Frankfurt (www.anleihencheck.de) - Bei der ersten EZB-Sitzung im neuen Jahr steht keine Änderung der Geldpolitik an, so Franck Dixmier, Globaler Anleihenchef von Allianz Global Investors.

Vor dem Hintergrund der anhaltend niedrigen Kerninflation - zuletzt 0,9 Prozent im Vergleich zum Inflationsziel von knapp unter 2 Prozent - dürfte die Bank ihr Engagement und eine nachhaltige Präsenz an den Rentenmärkten bestätigen. Zwar würden die wichtigen Konjunkturindikatoren eine positive Wachstumsdynamik anzeigen. Diese wirke sich aber nicht hinreichend preistreibend aus. Insbesondere bleibe der Arbeitsmarkt in Europa zu schwach, als dass von den Löhnen Inflationsdruck ausginge.

In diesem Umfeld dürfte Mario Draghi am 19. Januar 2017 den bisherigen geldpolitischen Kurs der Bank bestätigen. Die Experten von Allianz Global Investors erwarten, dass die EZB weiterhin eher zu einer geldpolitischen Lockerung neigen und sich sämtliche Optionen offenhalten wird, um notfalls erneut zu handeln.
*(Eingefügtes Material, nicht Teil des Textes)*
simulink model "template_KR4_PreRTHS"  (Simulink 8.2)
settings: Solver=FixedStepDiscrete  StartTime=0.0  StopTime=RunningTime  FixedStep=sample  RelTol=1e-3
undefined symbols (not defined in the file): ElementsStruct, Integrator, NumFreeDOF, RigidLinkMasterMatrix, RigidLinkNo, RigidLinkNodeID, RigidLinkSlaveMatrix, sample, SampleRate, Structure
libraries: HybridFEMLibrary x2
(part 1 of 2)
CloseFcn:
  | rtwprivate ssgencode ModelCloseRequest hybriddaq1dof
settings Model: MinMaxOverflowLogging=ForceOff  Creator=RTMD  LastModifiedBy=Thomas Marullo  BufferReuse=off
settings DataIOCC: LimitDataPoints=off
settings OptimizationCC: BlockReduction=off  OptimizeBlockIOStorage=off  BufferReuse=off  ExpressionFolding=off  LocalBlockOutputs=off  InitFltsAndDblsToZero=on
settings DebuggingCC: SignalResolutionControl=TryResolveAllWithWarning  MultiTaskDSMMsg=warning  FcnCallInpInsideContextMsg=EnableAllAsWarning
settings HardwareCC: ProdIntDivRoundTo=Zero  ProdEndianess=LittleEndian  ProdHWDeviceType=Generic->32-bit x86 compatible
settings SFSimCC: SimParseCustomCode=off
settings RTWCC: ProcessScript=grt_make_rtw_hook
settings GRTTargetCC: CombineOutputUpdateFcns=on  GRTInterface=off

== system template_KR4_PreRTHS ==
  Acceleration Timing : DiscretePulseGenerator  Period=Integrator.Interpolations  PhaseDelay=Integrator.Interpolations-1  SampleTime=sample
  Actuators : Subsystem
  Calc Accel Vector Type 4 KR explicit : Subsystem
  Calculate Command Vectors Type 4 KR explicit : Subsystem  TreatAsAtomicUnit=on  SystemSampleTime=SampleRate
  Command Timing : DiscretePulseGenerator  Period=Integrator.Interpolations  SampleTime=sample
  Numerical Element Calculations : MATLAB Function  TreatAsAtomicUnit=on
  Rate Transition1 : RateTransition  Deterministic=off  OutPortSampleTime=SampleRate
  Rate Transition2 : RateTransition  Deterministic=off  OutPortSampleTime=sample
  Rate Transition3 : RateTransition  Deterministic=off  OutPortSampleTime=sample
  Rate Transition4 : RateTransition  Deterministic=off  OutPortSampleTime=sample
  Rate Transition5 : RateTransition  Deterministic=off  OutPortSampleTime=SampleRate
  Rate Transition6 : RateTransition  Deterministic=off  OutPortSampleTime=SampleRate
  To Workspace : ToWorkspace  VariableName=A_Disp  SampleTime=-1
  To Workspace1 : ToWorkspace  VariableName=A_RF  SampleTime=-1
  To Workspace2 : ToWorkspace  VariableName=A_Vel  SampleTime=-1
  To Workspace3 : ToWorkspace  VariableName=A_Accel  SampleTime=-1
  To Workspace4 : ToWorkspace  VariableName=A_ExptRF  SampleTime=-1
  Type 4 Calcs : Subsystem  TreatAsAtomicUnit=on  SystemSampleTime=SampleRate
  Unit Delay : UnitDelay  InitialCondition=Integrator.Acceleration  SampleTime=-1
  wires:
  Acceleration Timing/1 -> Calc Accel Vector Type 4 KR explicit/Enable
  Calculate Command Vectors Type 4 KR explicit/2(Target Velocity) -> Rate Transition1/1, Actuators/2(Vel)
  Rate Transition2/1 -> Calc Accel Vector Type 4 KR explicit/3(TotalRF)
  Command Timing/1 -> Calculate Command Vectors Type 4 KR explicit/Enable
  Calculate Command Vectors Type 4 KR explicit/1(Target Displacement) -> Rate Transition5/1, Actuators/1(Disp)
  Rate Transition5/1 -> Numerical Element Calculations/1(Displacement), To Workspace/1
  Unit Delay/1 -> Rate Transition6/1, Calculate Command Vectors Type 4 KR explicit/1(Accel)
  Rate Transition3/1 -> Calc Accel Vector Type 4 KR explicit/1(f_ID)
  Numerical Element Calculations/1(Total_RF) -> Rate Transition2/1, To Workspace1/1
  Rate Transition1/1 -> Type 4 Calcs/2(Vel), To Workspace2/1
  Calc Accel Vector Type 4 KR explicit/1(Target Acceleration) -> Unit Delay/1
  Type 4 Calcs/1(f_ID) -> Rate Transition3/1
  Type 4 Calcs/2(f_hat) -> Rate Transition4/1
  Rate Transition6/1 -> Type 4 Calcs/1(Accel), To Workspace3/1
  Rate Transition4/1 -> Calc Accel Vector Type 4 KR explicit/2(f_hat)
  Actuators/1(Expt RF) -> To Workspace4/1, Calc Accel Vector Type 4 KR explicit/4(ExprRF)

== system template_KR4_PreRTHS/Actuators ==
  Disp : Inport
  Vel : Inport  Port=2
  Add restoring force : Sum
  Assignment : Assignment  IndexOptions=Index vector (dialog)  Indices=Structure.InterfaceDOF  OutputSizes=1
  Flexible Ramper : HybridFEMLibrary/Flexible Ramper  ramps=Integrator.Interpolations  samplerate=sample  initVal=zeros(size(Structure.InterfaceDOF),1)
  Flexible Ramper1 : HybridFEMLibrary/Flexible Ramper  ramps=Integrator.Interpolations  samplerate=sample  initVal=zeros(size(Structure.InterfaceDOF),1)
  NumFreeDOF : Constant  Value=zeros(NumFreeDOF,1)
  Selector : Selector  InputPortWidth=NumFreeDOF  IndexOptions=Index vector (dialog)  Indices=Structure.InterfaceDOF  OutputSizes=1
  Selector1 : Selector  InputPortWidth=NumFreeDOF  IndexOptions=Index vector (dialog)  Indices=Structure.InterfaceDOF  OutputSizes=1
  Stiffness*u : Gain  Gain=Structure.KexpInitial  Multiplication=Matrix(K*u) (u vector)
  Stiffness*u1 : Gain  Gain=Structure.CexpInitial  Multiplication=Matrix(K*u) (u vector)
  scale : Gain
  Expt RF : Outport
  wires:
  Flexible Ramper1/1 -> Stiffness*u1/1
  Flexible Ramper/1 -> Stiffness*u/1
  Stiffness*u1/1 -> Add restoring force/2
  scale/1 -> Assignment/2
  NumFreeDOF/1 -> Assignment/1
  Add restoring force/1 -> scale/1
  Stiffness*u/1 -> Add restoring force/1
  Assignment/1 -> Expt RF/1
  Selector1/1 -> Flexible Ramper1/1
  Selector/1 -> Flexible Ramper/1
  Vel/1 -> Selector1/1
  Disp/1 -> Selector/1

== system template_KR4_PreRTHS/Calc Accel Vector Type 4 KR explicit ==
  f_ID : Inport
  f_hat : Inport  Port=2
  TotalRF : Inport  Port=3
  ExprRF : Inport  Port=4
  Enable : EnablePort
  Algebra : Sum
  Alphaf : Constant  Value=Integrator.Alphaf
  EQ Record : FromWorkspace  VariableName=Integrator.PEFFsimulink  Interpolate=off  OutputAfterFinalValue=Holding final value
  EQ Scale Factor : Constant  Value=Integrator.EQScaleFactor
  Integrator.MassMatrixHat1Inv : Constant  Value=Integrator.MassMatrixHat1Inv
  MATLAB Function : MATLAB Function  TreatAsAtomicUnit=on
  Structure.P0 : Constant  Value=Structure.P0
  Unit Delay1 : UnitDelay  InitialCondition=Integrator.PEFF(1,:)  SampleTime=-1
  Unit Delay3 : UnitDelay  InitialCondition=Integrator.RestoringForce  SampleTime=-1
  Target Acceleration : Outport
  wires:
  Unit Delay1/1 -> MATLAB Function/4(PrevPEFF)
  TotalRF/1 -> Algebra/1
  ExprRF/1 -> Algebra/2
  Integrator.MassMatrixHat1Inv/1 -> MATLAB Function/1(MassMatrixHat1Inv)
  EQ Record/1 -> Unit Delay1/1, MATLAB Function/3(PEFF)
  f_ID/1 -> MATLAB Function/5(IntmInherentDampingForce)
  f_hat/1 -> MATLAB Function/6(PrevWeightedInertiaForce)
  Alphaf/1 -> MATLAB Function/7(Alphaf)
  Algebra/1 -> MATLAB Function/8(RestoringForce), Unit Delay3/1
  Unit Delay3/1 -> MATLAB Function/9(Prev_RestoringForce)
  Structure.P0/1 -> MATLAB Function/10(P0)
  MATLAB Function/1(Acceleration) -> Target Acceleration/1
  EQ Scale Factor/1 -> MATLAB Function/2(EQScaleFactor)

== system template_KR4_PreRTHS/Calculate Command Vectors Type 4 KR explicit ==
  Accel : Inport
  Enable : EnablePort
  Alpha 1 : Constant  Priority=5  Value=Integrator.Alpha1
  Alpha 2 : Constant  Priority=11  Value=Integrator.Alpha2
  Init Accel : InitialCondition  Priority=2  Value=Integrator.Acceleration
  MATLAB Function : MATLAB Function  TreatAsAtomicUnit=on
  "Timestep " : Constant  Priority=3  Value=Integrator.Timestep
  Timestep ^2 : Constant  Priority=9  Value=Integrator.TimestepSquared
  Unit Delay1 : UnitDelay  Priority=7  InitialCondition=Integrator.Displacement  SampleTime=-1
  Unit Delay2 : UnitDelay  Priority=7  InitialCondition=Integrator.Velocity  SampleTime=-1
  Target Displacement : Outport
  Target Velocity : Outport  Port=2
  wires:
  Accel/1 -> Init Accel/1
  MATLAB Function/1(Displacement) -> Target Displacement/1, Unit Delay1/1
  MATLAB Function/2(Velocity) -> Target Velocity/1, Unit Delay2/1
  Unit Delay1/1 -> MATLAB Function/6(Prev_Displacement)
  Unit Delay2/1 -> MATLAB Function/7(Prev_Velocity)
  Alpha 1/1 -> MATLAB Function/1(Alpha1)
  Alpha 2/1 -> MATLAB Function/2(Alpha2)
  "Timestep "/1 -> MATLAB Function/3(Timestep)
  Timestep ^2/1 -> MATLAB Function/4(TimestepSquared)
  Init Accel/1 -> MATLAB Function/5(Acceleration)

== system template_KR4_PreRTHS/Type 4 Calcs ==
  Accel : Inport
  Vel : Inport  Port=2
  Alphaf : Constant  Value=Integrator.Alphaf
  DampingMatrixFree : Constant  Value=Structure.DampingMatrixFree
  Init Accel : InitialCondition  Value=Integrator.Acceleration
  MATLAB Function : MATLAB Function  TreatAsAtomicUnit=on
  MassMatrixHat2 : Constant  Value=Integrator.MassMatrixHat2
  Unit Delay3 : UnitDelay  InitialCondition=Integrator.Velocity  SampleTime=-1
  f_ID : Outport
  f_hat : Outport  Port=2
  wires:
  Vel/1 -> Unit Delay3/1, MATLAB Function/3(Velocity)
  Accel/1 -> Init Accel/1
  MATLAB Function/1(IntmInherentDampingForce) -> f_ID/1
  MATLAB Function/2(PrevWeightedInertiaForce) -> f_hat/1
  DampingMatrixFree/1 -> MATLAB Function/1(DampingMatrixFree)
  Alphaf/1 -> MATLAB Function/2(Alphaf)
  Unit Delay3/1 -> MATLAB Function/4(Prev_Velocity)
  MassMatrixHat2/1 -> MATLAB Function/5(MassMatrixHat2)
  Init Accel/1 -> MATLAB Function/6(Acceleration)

Nach und nach werde die Quantitative Easing-Politik der EZB im Zeitablauf aber an ihre Grenzen stoßen. Nach Einschätzung der Experten werde die Neigung der Bank, Euroland-Staatsanleihen zu kaufen, ab einem Schwellenwert von etwa einem Drittel der ausstehenden Staatsschulden stark abnehmen. Letztlich werde es daher zu einer erheblichen Reduzierung ihres Kaufprogramms kommen. 2017 scheint den Experten von Allianz Global Investors aber keine Verringerung, und schon gar kein Stopp, der Anleihekäufe anzusehen. (17.01.2017/alc/a/a)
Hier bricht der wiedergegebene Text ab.